Lyrics are from Cavanaugh Park by Something Corporate. I don't know. I just thought they fit.
Chapter 26: Cavanaugh Park
At Cavanaugh Park
where I used to sit all alone in the dark
and dream about things that I cannot say.
Marco
I lost patience with the slow arriving elevator and burst through the doors leading to the stairwell. I was trying to work out a little more, this was the perfect chance to work on my... uh... stair work. Everyone would be so impressed. I took the stairs two at a time, anticipating what it would be like when I saw her.
On second thought... I decided to go to the fifth floor and look in at Brayden first. For some reason I slowly made my way to the glass that separated the babies from the rest of the world. It was almost as if I was afraid of startling them or waking them up if I moved too fast or too loud.I gripped the little railing in front of the glass and looked in.
Sean was in there. I watched as he, dressed in his finest scrubs, slowly reached hand in the incubatorand stroked Brayden's tiny little hand. He looked tired, scared, worried, angry... all sorts of emotions were beaming off of him. Not that I don't blame him. It must be tough for him.
Ellie's been in the hospital for five days. Ashley said she went and saw her, but that Ellie acted completely weird. She wouldn't talk to Ashley and seemed bitter about something. I'm hoping my surprise visit and bouquet of crazy daisies will help lift her spirits. She can't turn away her best friend, can she?
Not that I didn't try and visit before. I've been here every night since the delivery, trying to get in to see her. The nurses always tell me she's too tired to see anyone. But today, I'm not taking no for an answer. And if I wimp out and don't rebel, I've written a small note for her that I've stuck in the daisies. But she'll definitely see me. She has to because she's making me nervous.

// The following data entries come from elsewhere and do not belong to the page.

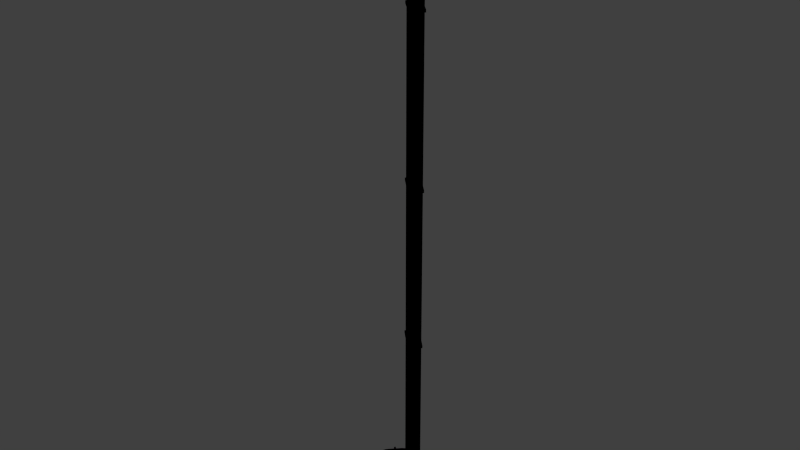 # Source: hubbell_vent.blend  (saved by Blender 2.75.0; exported with 4.5.12 LTS)
import bpy
from mathutils import Matrix  # noqa: F401  (used for matrix-valued properties, if any)

bpy.ops.wm.read_factory_settings(use_empty=True)
scene = bpy.context.scene
scene.name = 'hubbell_vent'

# ---- collections
col_collection_1 = bpy.data.collections.new('Collection 1'); scene.collection.children.link(col_collection_1)
col_collection_9 = bpy.data.collections.new('Collection 9'); scene.collection.children.link(col_collection_9)
col_collection_9.hide_render = True
col_collection_9.hide_viewport = True
col_collection_10 = bpy.data.collections.new('Collection 10'); scene.collection.children.link(col_collection_10)
col_collection_10.hide_render = True
col_collection_10.hide_viewport = True
col_collection_11 = bpy.data.collections.new('Collection 11'); scene.collection.children.link(col_collection_11)
col_collection_11.hide_render = True
col_collection_11.hide_viewport = True

# ---- images (referenced by path relative to the original .blend; pixels are not part of the script)
import os
ASSET_DIR = os.environ.get("B2B_ASSET_DIR", "")  # directory of the original .blend (textures are referenced by path, not embedded)
HERE = os.path.dirname(os.path.abspath(__file__))  # packed textures are extracted next to this script under _unpacked/

def load_image(name, relpath, width, height, colorspace="sRGB"):
    """Load a texture the original file referenced (path relative to the .blend, or extracted next to this script)."""
    p = next((c for c in (os.path.join(HERE, relpath), os.path.join(ASSET_DIR, relpath)) if relpath and os.path.exists(c)), "")
    if p:
        img = bpy.data.images.load(p, check_existing=True)
        img.name = name
    else:  # same state as the original file: an image datablock whose file is absent (Cycles renders it pink)
        img = bpy.data.images.new(name, width, height)
        img.source = "FILE"
        img.filepath = "//" + (relpath or name)
    img.colorspace_settings.name = colorspace
    return img
img_bakein_target_1024_tga = load_image('bakein_target_1024.tga', 'hubbell_vent_ao.tga', 1024, 1024, 'sRGB')

# ---- materials (node trees are filled in below, after node groups)
mat_material = bpy.data.materials.new('Material')
mat_material.alpha_threshold = 0.0
mat_material.use_transparent_shadow = False
mat_material.roughness = 0.5
mat_dev_measuregeneric01_vmt = bpy.data.materials.new('dev_measuregeneric01.vmt')
mat_dev_measuregeneric01_vmt.alpha_threshold = 0.0
mat_dev_measuregeneric01_vmt.use_transparent_shadow = False
mat_dev_measuregeneric01_vmt.diffuse_color = (0.4439, 0.5053, 0.9027, 1.0)
mat_dev_measuregeneric01_vmt.roughness = 0.5

# ---- material node trees
mat_material.use_nodes = True; mat_material.node_tree.nodes.clear()
_N = mat_material.node_tree.nodes; _L = mat_material.node_tree.links
n0 = _N.new('ShaderNodeTexImage'); n0.name = 'Image Texture'; n0.location = (-100, 100)
n0.width = 140
n0.image = img_bakein_target_1024_tga

# ---- world
world_world = bpy.data.worlds.new('World'); scene.world = world_world
world_world.color = (0.05088, 0.05088, 0.05088)
world_world.use_sun_shadow = False
world_world.sun_shadow_jitter_overblur = 0.0
world_world.cycles.sampling_method = 'MANUAL'
world_world.cycles.sample_map_resolution = 256

# ---- meshes
me_cube_002 = bpy.data.meshes.new('Cube.002')
me_cube_002.from_pydata([(8.0, -8.0, 4.0), (8.0, -8.0, 5.0), (-8.0, 8.0, 4.0), (-8.0, 8.0, 5.0), (16.0, 0.0, 4.0), (16.0, 0.0, 5.0), (0.0, 16.0, 4.0), (0.0, 16.0, 5.0), (0.5, 14.5, 127.0), (-0.5, 14.5, 127.0), (14.5, 0.5, 127.0), (14.5, -0.5, 127.0), (8.5, -6.5, 127.0), (7.5, -6.5, 127.0), (-6.5, 8.5, 127.0), (-6.5, 7.5, 127.0), (8.0, -8.0, 127.0), (-8.0, 8.0, 127.0), (16.0, 0.0, 127.0), (0.0, 16.0, 127.0), (8.0, -8.0, 128.0), (-8.0, 8.0, 128.0), (16.0, 0.0, 128.0), (0.0, 16.0, 128.0), (8.0, -8.0, 129.0), (-8.0, 8.0, 129.0), (16.0, 0.0, 129.0), (0.0, 16.0, 129.0), (-6.5, 7.5, 255.0), (-6.5, 8.5, 255.0), (7.5, -6.5, 255.0), (8.5, -6.5, 255.0), (0.0, 16.0, 257.0), (16.0, 0.0, 257.0), (-8.0, 8.0, 257.0), (8.0, -8.0, 257.0), (14.5, -0.5, 255.0), (14.5, 0.5, 255.0), (-0.5, 14.5, 255.0), (0.5, 14.5, 255.0), (8.0, -8.0, 255.0), (-8.0, 8.0, 255.0), (16.0, 0.0, 255.0), (0.0, 16.0, 255.0), (8.0, -8.0, 256.0), (-8.0, 8.0, 256.0), (16.0, 0.0, 256.0), (0.0, 16.0, 256.0), (0.5, 14.5, 383.0), (-0.5, 14.5, 383.0), (14.5, 0.5, 383.0), (14.5, -0.5, 383.0), (8.5, -6.5, 383.0), (7.5, -6.5, 383.0), (-6.5, 8.5, 383.0), (-6.5, 7.5, 383.0), (0.0, 16.0, 383.0), (16.0, 0.0, 383.0), (-8.0, 8.0, 383.0), (8.0, -8.0, 383.0), (0.0, 16.0, 384.0), (16.0, 0.0, 384.0), (-8.0, 8.0, 384.0), (8.0, -8.0, 384.0), (0.0, 16.0, 385.0), (16.0, 0.0, 385.0), (-8.0, 8.0, 385.0), (8.0, -8.0, 385.0), (-6.5, 7.5, 385.0), (-6.5, 8.5, 385.0), (7.5, -6.5, 385.0), (8.5, -6.5, 385.0), (14.5, -0.5, 385.0), (14.5, 0.5, 385.0), (-0.5, 14.5, 385.0), (0.5, 14.5, 385.0), (0.0, 16.0, 447.0), (16.0, 0.0, 447.0), (-8.0, 8.0, 447.0), (8.0, -8.0, 447.0), (0.0, 16.0, 448.0), (16.0, 0.0, 448.0), (-8.0, 8.0, 448.0), (8.0, -8.0, 448.0), (0.0, 16.0, 449.0), (16.0, 0.0, 449.0), (-8.0, 8.0, 449.0), (8.0, -8.0, 449.0), (-6.5, 7.5, 447.0), (-6.5, 8.5, 447.0), (7.5, -6.5, 447.0), (8.5, -6.5, 447.0), (14.5, -0.5, 447.0), (14.5, 0.5, 447.0), (-0.5, 14.5, 447.0), (0.5, 14.5, 447.0), (0.5, 14.5, 257.0), (-0.5, 14.5, 257.0), (14.5, 0.5, 257.0), (14.5, -0.5, 257.0), (8.5, -6.5, 257.0), (7.5, -6.5, 257.0), (-6.5, 8.5, 257.0), (-6.5, 7.5, 257.0), (-6.5, 7.5, 129.0), (-6.5, 8.5, 129.0), (7.5, -6.5, 129.0), (8.5, -6.5, 129.0), (14.5, -0.5, 129.0), (14.5, 0.5, 129.0), (-0.5, 14.5, 129.0), (0.5, 14.5, 129.0), (0.5, 14.5, 5.0), (-0.5, 14.5, 5.0), (14.5, 0.5, 5.0), (14.5, -0.5, 5.0), (8.5, -6.5, 5.0), (7.5, -6.5, 5.0), (-6.5, 8.5, 5.0), (-6.5, 7.5, 5.0), (14.5, 0.5, 449.0), (14.5, -0.5, 449.0), (0.5, 14.5, 449.0), (-0.5, 14.5, 449.0), (-6.5, 8.5, 449.0), (-6.5, 7.5, 449.0), (8.5, -6.5, 449.0), (7.5, -6.5, 449.0), (14.5, 0.5, 450.0), (14.5, -0.5, 450.0), (0.5, 14.5, 450.0), (-0.5, 14.5, 450.0), (-6.5, 8.5, 450.0), (-6.5, 7.5, 450.0), (8.5, -6.5, 450.0), (7.5, -6.5, 450.0), (14.53, 0.5281, 450.2), (14.56, -0.4439, 450.5), (0.5281, 14.53, 450.2), (-0.4439, 14.56, 450.5), (-6.107, 8.893, 453.3), (-6.079, 7.921, 453.5), (8.893, -6.107, 453.3), (7.921, -6.079, 453.5), (14.61, 0.6091, 450.4), (14.72, -0.2818, 450.9), (0.6091, 14.61, 450.4), (-0.2818, 14.72, 450.9), (-4.973, 10.03, 456.2), (-4.864, 9.136, 456.6), (10.03, -4.973, 456.2), (9.136, -4.864, 456.6), (14.73, 0.734, 450.6), (14.97, -0.03203, 451.2), (0.734, 14.73, 450.6), (-0.03203, 14.97, 451.2), (-3.224, 11.78, 458.4), (-2.99, 11.01, 459.0), (11.78, -3.224, 458.4), (11.01, -2.99, 459.0), (14.89, 0.8887, 450.7), (15.28, 0.2775, 451.4), (0.8887, 14.89, 450.7), (0.2775, 15.28, 451.4), (-1.058, 13.94, 459.7), (-0.6689, 13.33, 460.3), (13.94, -1.058, 459.7), (13.33, -0.6689, 460.3), (15.06, 1.056, 450.7), (15.61, 0.612, 451.4), (1.056, 15.06, 450.7), (0.612, 15.61, 451.4), (1.284, 16.28, 459.8), (1.84, 15.84, 460.5), (16.28, 1.284, 459.8), (15.84, 1.84, 460.5), (15.22, 1.217, 450.6), (15.93, 0.9339, 451.3), (1.217, 15.22, 450.6), (0.9339, 15.93, 451.3), (3.537, 18.54, 458.9), (4.254, 18.25, 459.6), (18.54, 3.537, 458.9), (18.25, 4.254, 459.6), (15.35, 1.354, 450.5), (16.21, 1.207, 451.0), (1.354, 15.35, 450.5), (1.207, 16.21, 451.0), (5.45, 20.45, 457.0), (6.303, 20.3, 457.5), (20.45, 5.45, 457.0), (20.3, 6.303, 457.5), (0.9214, 16.37, 450.9), (1.072, 15.49, 450.4), (16.37, 0.9214, 450.9), (15.49, 1.072, 450.4), (20.58, 6.169, 457.6), (20.74, 5.29, 457.1), (6.169, 20.58, 457.6), (5.29, 20.74, 457.1), (1.129, 16.57, 450.6), (1.279, 15.7, 450.1), (16.57, 1.129, 450.6), (15.7, 1.279, 450.1), (20.79, 6.376, 457.3), (20.94, 5.497, 456.8), (6.376, 20.79, 457.3), (5.497, 20.94, 456.8), (0.5, 14.5, 3.0), (-0.5, 14.5, 3.0), (14.5, 0.5, 3.0), (14.5, -0.5, 3.0), (8.5, -6.5, 3.0), (7.5, -6.5, 3.0), (-6.5, 8.5, 3.0), (-6.5, 7.5, 3.0), (8.0, -8.0, 3.0), (-8.0, 8.0, 3.0), (16.0, 0.0, 3.0), (0.0, 16.0, 3.0), (0.5, 14.5, 2.0), (-0.5, 14.5, 2.0), (14.5, 0.5, 2.0), (14.5, -0.5, 2.0), (8.5, -6.5, 2.0), (7.5, -6.5, 2.0), (-6.5, 8.5, 2.0), (-6.5, 7.5, 2.0), (0.4319, 14.57, 1.268), (-0.5511, 14.55, 1.451), (13.95, 1.045, -3.856), (13.94, 0.06222, -4.039), (7.938, -5.938, -4.039), (6.955, -5.955, -3.856), (-6.551, 8.551, 1.451), (-6.568, 7.568, 1.268), (0.2321, 14.77, 0.5858), (-0.701, 14.7, 0.9393), (12.36, 2.644, -9.314), (12.29, 1.711, -9.667), (6.289, -4.289, -9.667), (5.356, -4.356, -9.314), (-6.701, 8.701, 0.9393), (-6.768, 7.768, 0.5858), (-0.08579, 15.09, 9.537e-07), (-0.9393, 14.94, 0.5), (9.814, 5.186, -14.0), (9.667, 4.333, -14.5), (3.667, -1.667, -14.5), (2.814, -1.814, -14.0), (-6.939, 8.939, 0.5), (-7.086, 8.086, 0.0), (-0.5, 15.5, -0.4495), (-1.25, 15.25, 0.1629), (6.5, 8.5, -17.6), (6.25, 7.75, -18.21), (0.25, 1.75, -18.21), (-0.5, 1.5, -17.6), (-7.25, 9.25, 0.1629), (-7.5, 8.5, -0.4495), (-0.9824, 15.98, -0.732), (-1.612, 15.61, -0.04904), (2.641, 12.36, -19.86), (2.271, 11.73, -20.54), (-3.729, 5.729, -20.54), (-4.359, 5.359, -19.86), (-7.612, 9.612, -0.04904), (-7.982, 8.982, -0.7321), (-1.5, 16.5, -0.8284), (-2.0, 16.0, -0.1213), (-1.5, 16.5, -20.63), (-2.0, 16.0, -21.33), (-8.0, 10.0, -21.33), (-8.5, 9.5, -20.63), (-8.0, 10.0, -0.1213), (-8.5, 9.5, -0.8284), (-2.0, 17.0, -0.8284), (-2.5, 16.5, -0.1213), (-2.0, 17.0, -20.63), (-2.5, 16.5, -21.33), (-8.5, 10.5, -21.33), (-9.0, 10.0, -20.63), (-8.5, 10.5, -0.1213), (-9.0, 10.0, -0.8284), (-9.5, 9.5, 0.5), (-9.5, 9.5, -22.0), (-1.5, 17.5, 0.5), (-1.5, 17.5, -22.0), (-10.0, 10.0, 0.5), (-10.0, 10.0, -22.0), (-2.0, 18.0, 0.5), (-2.0, 18.0, -22.0), (-10.5, 10.5, 0.5), (-10.5, 10.5, -22.0), (-2.5, 18.5, 0.5), (-2.5, 18.5, -22.0), (-3.0, 18.0, -0.8284), (-3.5, 17.5, -0.1213), (-3.0, 18.0, -20.63), (-3.5, 17.5, -21.33), (-9.5, 11.5, -21.33), (-10.0, 11.0, -20.63), (-9.5, 11.5, -0.1213), (-10.0, 11.0, -0.8284), (-7.0, 22.0, -0.8284), (-7.5, 21.5, -0.1213), (-7.0, 22.0, -20.63), (-7.5, 21.5, -21.33), (-13.5, 15.5, -21.33), (-14.0, 15.0, -20.63), (-13.5, 15.5, -0.1213), (-14.0, 15.0, -0.8284), (-14.5, 14.5, 0.5), (-14.5, 14.5, -22.0), (-6.5, 22.5, 0.5), (-6.5, 22.5, -22.0), (-15.0, 15.0, 0.5), (-15.0, 15.0, -22.0), (-7.0, 23.0, 0.5), (-7.0, 23.0, -22.0), (-15.5, 15.5, 0.5), (-15.5, 15.5, -22.0), (-7.5, 23.5, 0.5), (-7.5, 23.5, -22.0), (-8.0, 23.0, -0.8284), (-8.5, 22.5, -0.1213), (-8.0, 23.0, -20.63), (-8.5, 22.5, -21.33), (-14.5, 16.5, -21.33), (-15.0, 16.0, -20.63), (-14.5, 16.5, -0.1213), (-15.0, 16.0, -0.8284), (-8.5, 23.5, -0.8284), (-9.0, 23.0, -0.1213), (-8.5, 23.5, -20.63), (-9.0, 23.0, -21.33), (-15.0, 17.0, -21.33), (-15.5, 16.5, -20.63), (-15.0, 17.0, -0.1213), (-15.5, 16.5, -0.8284), (-10.7, 25.19, -0.8284), (-11.05, 24.57, -0.1213), (-10.7, 25.19, -20.63), (-11.05, 24.57, -21.33), (-15.29, 17.22, -21.33), (-15.65, 16.61, -20.63), (-15.29, 17.22, -0.1213), (-15.65, 16.61, -0.8284), (-13.25, 26.25, -0.8284), (-13.44, 25.56, -0.1213), (-13.25, 26.25, -20.63), (-13.44, 25.56, -21.33), (-15.63, 17.37, -21.33), (-15.82, 16.68, -20.63), (-15.63, 17.37, -0.1213), (-15.82, 16.68, -0.8284), (-16.0, 26.61, -0.8284), (-16.0, 25.9, -0.1213), (-16.0, 26.61, -20.63), (-16.0, 25.9, -21.33), (-16.0, 17.41, -21.33), (-16.0, 16.71, -20.63), (-16.0, 17.41, -0.1213), (-16.0, 16.71, -0.8284), (-18.75, 26.25, -0.8284), (-18.56, 25.56, -0.1213), (-18.75, 26.25, -20.63), (-18.56, 25.56, -21.33), (-16.37, 17.37, -21.33), (-16.18, 16.68, -20.63), (-16.37, 17.37, -0.1213), (-16.18, 16.68, -0.8284), (-21.3, 25.19, -0.8284), (-20.95, 24.57, -0.1213), (-21.3, 25.19, -20.63), (-20.95, 24.57, -21.33), (-16.71, 17.22, -21.33), (-16.35, 16.61, -20.63), (-16.71, 17.22, -0.1213), (-16.35, 16.61, -0.8284), (-23.5, 23.5, -0.8284), (-23.0, 23.0, -0.1213), (-23.5, 23.5, -20.63), (-23.0, 23.0, -21.33), (-17.0, 17.0, -21.33), (-16.5, 16.5, -20.63), (-17.0, 17.0, -0.1213), (-16.5, 16.5, -0.8284), (-27.0, 20.0, -0.8284), (-26.5, 19.5, -0.1213), (-27.0, 20.0, -20.63), (-26.5, 19.5, -21.33), (-20.5, 13.5, -21.33), (-20.0, 13.0, -20.63), (-20.5, 13.5, -0.1213), (-20.0, 13.0, -0.8284), (-28.0, 20.0, 0.5), (-28.0, 20.0, -22.0), (-20.0, 12.0, 0.5), (-20.0, 12.0, -22.0), (-19.5, 12.5, -22.0), (-19.5, 12.5, 0.5), (-27.5, 20.5, -22.0), (-27.5, 20.5, 0.5), (-28.5, 19.5, 0.5), (-28.5, 19.5, -22.0), (-20.5, 11.5, 0.5), (-20.5, 11.5, -22.0), (-28.0, 19.0, -0.8284), (-27.5, 18.5, -0.1213), (-28.0, 19.0, -20.63), (-27.5, 18.5, -21.33), (-21.5, 12.5, -21.33), (-21.0, 12.0, -20.63), (-21.5, 12.5, -0.1213), (-21.0, 12.0, -0.8284), (-31.5, 15.5, -0.8284), (-31.0, 15.0, -0.1213), (-31.5, 15.5, -20.63), (-31.0, 15.0, -21.33), (-25.0, 9.0, -21.33), (-24.5, 8.5, -20.63), (-25.0, 9.0, -0.1213), (-24.5, 8.5, -0.8284), (-33.19, 13.3, -0.8284), (-32.57, 12.95, -0.1213), (-33.19, 13.3, -20.63), (-32.57, 12.95, -21.33), (-25.22, 8.707, -21.33), (-24.61, 8.354, -20.63), (-25.22, 8.707, -0.1213), (-24.61, 8.354, -0.8284), (-34.25, 10.75, -0.8284), (-33.56, 10.56, -0.1213), (-34.25, 10.75, -20.63), (-33.56, 10.56, -21.33), (-25.37, 8.366, -21.33), (-24.68, 8.183, -20.63), (-25.37, 8.366, -0.1213), (-24.68, 8.183, -0.8284), (-34.61, 8.0, -0.8284), (-33.9, 8.0, -0.1213), (-34.61, 8.0, -20.63), (-33.9, 8.0, -21.33), (-25.41, 8.0, -21.33), (-24.71, 8.0, -20.63), (-25.41, 8.0, -0.1213), (-24.71, 8.0, -0.8284), (-34.25, 5.255, -0.8284), (-33.56, 5.438, -0.1213), (-34.25, 5.255, -20.63), (-33.56, 5.438, -21.33), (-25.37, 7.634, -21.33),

Sean glanced up and saw me outside of the room. He nodded his head in a greeting and said a few words to the nurse. It must suck for Sean. He's been out of school this week, visiting the baby, getting things ready for when Ellie comes home from the hospital... Ms. Kwan made sure to inform the classroom every morning with updates on Ellie and the baby's condition. I guess Sean or Ellie's parents are telling her everything. I don't know... It seems that every day she tells us that Ellie is resting and the baby is getting stronger. Not every detailed. Not very satisfactory.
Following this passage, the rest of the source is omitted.